===== Excerpted records =====

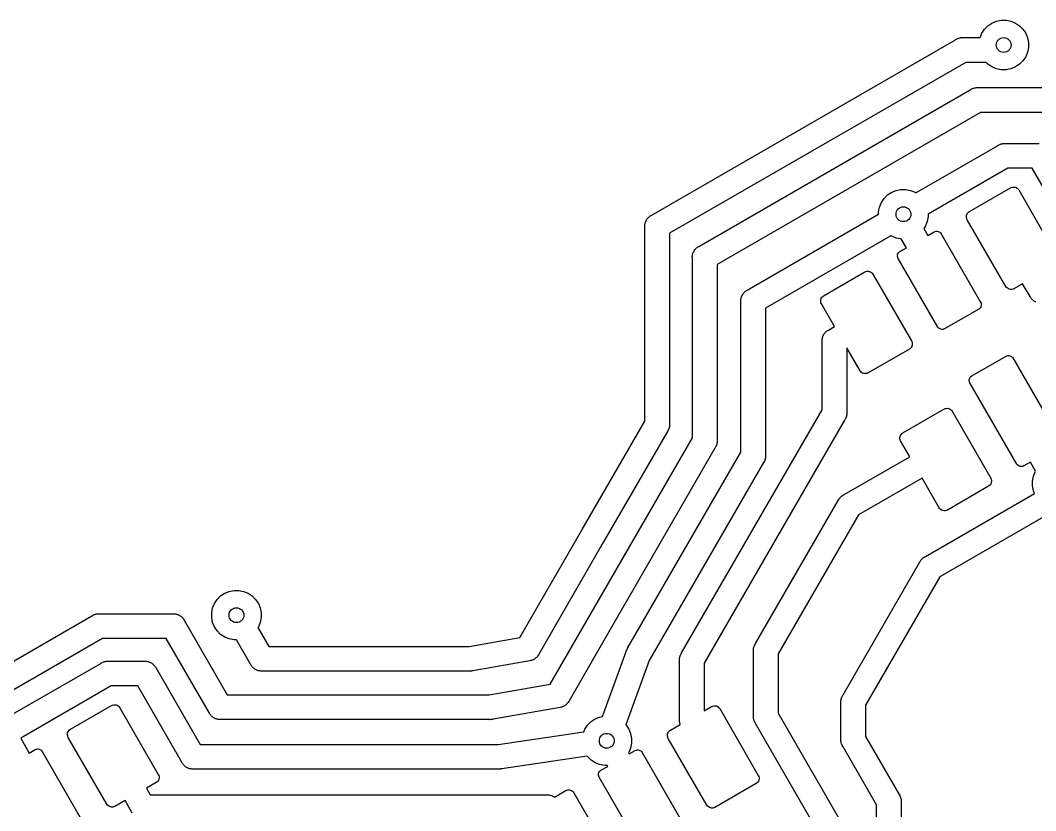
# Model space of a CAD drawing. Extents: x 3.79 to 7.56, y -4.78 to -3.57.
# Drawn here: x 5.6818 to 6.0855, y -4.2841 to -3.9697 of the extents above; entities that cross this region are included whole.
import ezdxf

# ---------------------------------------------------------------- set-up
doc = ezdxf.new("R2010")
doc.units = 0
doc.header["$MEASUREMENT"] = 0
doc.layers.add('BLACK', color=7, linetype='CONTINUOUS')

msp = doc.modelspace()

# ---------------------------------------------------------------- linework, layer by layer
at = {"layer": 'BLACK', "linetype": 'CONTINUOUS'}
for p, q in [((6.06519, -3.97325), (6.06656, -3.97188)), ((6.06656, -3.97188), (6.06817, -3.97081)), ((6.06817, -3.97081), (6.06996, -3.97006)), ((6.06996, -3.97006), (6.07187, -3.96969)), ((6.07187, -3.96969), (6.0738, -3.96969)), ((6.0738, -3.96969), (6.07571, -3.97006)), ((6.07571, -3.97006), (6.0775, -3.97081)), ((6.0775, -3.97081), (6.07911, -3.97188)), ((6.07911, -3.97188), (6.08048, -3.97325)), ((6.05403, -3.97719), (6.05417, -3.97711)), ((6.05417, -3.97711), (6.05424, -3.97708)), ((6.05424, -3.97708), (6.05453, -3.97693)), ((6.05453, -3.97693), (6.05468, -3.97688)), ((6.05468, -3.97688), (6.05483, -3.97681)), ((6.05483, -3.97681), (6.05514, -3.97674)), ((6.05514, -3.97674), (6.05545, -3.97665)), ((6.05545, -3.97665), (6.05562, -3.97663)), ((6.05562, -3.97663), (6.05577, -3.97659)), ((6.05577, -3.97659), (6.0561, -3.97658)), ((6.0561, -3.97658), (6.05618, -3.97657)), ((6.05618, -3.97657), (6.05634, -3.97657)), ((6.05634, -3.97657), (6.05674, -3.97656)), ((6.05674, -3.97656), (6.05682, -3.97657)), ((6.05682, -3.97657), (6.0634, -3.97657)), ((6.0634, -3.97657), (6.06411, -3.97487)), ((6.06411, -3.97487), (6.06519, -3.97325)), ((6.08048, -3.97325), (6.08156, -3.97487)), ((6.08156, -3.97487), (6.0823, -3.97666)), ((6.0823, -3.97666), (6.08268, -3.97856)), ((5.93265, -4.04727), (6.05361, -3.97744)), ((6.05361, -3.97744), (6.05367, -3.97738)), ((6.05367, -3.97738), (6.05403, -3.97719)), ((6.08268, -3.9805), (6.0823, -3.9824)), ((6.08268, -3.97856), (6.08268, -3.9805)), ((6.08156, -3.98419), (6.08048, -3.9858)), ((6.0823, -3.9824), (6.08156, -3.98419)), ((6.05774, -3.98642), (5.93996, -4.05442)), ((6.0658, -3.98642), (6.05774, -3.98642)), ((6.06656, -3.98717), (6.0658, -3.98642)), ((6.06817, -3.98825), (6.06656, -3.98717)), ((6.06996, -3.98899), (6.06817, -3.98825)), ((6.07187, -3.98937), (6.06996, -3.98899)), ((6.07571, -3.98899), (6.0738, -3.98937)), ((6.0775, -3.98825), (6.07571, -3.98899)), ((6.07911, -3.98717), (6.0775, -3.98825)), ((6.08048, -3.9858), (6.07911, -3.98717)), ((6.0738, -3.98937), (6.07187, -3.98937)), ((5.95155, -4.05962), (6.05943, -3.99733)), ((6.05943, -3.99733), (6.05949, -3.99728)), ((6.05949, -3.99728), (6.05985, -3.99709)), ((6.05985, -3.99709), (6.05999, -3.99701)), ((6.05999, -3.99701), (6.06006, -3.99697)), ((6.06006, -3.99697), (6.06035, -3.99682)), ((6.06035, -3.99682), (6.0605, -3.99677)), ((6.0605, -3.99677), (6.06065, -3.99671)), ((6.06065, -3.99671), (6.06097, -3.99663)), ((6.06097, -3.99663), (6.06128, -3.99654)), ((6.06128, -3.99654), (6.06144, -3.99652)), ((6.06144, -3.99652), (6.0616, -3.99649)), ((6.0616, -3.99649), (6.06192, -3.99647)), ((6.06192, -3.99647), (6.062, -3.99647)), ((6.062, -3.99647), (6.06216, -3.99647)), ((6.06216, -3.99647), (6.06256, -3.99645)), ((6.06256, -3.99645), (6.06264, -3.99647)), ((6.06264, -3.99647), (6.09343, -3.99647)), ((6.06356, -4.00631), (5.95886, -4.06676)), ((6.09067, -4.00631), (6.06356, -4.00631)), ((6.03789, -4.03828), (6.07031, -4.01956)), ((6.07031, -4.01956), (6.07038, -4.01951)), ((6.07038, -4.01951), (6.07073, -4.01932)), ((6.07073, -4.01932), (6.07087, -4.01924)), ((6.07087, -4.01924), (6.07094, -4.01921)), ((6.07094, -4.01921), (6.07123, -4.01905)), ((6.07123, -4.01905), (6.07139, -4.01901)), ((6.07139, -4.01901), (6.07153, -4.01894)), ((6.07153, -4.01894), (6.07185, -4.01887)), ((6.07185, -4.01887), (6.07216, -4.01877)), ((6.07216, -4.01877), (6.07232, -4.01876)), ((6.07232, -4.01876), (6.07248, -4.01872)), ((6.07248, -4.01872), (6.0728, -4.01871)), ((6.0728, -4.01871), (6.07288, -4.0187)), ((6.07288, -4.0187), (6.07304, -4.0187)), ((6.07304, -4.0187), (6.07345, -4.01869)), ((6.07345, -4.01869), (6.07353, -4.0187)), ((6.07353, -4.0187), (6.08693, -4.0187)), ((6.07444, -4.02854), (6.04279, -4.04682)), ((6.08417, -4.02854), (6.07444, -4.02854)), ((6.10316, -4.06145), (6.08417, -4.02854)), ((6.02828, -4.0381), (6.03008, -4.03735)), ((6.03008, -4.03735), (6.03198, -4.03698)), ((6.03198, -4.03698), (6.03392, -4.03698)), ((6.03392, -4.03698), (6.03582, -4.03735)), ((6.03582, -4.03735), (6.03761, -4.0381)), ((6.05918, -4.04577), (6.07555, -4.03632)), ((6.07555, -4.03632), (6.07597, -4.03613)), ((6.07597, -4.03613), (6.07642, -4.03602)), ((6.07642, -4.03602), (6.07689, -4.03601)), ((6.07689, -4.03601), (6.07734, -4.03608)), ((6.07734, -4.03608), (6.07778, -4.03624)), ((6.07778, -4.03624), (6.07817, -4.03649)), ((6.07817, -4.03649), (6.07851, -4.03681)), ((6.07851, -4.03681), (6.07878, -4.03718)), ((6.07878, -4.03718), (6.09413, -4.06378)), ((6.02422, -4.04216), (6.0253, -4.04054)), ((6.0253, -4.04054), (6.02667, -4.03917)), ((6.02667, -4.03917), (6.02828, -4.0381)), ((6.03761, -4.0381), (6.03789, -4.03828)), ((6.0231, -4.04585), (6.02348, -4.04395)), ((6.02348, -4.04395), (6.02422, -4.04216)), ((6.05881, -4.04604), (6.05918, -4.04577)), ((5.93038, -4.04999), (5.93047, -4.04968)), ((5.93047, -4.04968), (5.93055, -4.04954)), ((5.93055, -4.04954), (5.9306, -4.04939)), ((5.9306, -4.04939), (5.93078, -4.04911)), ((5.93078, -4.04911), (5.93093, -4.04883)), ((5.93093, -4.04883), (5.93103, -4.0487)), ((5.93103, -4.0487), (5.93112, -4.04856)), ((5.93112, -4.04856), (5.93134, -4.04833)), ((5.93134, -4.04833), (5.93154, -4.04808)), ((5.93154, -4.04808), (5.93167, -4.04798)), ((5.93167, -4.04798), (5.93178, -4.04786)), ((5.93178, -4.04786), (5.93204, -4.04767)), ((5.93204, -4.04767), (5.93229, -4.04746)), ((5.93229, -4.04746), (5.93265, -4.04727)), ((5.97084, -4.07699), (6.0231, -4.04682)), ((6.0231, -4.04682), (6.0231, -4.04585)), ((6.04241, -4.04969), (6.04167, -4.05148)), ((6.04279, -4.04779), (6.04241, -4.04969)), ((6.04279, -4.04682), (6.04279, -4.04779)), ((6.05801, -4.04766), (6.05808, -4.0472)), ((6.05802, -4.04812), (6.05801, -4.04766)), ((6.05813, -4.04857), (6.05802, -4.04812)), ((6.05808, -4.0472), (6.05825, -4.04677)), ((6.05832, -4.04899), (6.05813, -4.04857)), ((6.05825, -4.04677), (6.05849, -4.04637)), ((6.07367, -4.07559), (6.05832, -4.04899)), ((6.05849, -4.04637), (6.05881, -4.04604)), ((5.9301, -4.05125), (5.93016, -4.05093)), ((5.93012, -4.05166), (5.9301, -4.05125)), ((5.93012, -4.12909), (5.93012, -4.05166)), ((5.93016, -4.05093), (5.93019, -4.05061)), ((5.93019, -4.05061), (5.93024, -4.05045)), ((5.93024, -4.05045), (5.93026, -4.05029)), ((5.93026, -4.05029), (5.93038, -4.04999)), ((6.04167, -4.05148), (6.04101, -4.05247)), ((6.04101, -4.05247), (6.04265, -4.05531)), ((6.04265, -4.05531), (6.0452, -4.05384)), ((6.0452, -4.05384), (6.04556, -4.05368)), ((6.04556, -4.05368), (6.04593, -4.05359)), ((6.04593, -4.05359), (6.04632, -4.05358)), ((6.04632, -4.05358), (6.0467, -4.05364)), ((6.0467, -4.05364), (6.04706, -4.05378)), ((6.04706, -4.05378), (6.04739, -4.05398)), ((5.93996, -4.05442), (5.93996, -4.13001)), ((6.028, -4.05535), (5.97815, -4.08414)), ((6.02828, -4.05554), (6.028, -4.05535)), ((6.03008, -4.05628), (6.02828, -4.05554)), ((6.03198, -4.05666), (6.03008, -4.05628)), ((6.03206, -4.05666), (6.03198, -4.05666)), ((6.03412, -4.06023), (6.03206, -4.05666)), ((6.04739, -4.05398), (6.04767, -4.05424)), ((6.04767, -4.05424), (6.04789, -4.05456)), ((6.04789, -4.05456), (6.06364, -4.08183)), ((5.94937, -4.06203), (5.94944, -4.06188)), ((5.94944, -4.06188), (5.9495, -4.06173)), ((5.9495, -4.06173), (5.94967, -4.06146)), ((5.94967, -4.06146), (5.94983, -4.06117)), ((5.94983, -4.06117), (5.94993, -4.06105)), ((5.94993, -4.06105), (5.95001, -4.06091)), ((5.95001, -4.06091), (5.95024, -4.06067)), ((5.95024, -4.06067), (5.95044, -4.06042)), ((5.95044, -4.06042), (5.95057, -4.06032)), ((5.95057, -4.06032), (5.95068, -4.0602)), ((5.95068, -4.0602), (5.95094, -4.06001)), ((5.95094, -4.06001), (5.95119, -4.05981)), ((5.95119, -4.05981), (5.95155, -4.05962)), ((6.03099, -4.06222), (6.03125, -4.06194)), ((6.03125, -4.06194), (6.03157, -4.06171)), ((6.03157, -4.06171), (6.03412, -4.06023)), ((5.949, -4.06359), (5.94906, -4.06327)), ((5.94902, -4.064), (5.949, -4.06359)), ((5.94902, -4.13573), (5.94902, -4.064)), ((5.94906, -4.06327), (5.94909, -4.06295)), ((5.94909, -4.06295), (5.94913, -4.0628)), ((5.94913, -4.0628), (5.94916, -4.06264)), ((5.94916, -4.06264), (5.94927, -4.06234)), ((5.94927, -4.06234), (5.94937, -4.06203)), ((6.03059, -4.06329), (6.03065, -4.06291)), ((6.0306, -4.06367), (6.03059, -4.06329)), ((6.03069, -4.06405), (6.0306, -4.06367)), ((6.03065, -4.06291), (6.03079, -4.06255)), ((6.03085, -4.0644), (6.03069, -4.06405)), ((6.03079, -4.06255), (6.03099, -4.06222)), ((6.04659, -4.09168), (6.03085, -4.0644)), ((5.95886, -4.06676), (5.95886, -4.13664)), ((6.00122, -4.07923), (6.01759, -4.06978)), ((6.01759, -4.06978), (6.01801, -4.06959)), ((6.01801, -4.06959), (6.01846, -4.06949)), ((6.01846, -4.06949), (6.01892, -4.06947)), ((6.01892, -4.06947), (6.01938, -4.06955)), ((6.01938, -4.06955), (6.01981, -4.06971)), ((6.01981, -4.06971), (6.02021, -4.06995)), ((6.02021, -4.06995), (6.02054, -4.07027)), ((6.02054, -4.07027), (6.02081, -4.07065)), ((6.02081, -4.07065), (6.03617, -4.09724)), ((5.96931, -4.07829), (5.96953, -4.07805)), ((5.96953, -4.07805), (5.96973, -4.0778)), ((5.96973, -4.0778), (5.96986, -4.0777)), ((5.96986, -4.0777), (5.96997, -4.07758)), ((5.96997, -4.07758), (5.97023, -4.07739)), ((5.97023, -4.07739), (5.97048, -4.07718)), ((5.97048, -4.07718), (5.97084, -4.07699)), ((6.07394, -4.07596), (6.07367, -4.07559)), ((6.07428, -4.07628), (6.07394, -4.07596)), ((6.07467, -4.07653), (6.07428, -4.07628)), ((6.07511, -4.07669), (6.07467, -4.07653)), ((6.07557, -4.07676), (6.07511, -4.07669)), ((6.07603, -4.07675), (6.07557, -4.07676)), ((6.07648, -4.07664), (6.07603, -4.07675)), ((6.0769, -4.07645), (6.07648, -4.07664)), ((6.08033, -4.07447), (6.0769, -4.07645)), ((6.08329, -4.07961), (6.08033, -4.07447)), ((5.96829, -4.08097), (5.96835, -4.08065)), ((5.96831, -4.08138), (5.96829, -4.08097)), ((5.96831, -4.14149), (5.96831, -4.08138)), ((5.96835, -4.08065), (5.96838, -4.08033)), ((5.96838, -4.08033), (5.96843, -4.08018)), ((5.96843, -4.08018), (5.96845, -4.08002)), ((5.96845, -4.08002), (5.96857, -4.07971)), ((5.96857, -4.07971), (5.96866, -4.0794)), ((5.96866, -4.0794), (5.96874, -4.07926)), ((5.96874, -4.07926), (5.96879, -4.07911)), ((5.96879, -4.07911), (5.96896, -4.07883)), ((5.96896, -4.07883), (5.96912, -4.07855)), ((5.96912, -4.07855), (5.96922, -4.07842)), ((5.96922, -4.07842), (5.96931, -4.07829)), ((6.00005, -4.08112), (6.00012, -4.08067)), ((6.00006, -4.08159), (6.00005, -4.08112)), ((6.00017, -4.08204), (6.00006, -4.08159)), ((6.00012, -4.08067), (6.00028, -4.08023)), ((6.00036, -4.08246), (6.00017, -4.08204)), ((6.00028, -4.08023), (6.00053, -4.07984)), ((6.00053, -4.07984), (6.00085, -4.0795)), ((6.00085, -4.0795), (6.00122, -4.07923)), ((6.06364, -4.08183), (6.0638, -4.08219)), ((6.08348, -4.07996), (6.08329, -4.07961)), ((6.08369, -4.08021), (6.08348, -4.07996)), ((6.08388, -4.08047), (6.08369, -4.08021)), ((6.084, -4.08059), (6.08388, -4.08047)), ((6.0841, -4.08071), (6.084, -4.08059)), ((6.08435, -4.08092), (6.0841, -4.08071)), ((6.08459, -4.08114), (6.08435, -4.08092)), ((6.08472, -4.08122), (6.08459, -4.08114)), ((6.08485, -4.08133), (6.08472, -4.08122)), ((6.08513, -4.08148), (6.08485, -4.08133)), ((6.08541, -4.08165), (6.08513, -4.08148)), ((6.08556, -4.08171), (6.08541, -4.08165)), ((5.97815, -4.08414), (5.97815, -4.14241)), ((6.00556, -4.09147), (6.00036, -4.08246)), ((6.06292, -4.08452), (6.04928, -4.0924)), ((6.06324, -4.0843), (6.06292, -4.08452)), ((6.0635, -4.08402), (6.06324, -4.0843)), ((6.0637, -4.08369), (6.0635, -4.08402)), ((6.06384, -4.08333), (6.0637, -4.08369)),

=====

Task prompt = Only the number is wanted here. Please work out how many lines of the records contain "BLACK".

Task result = 2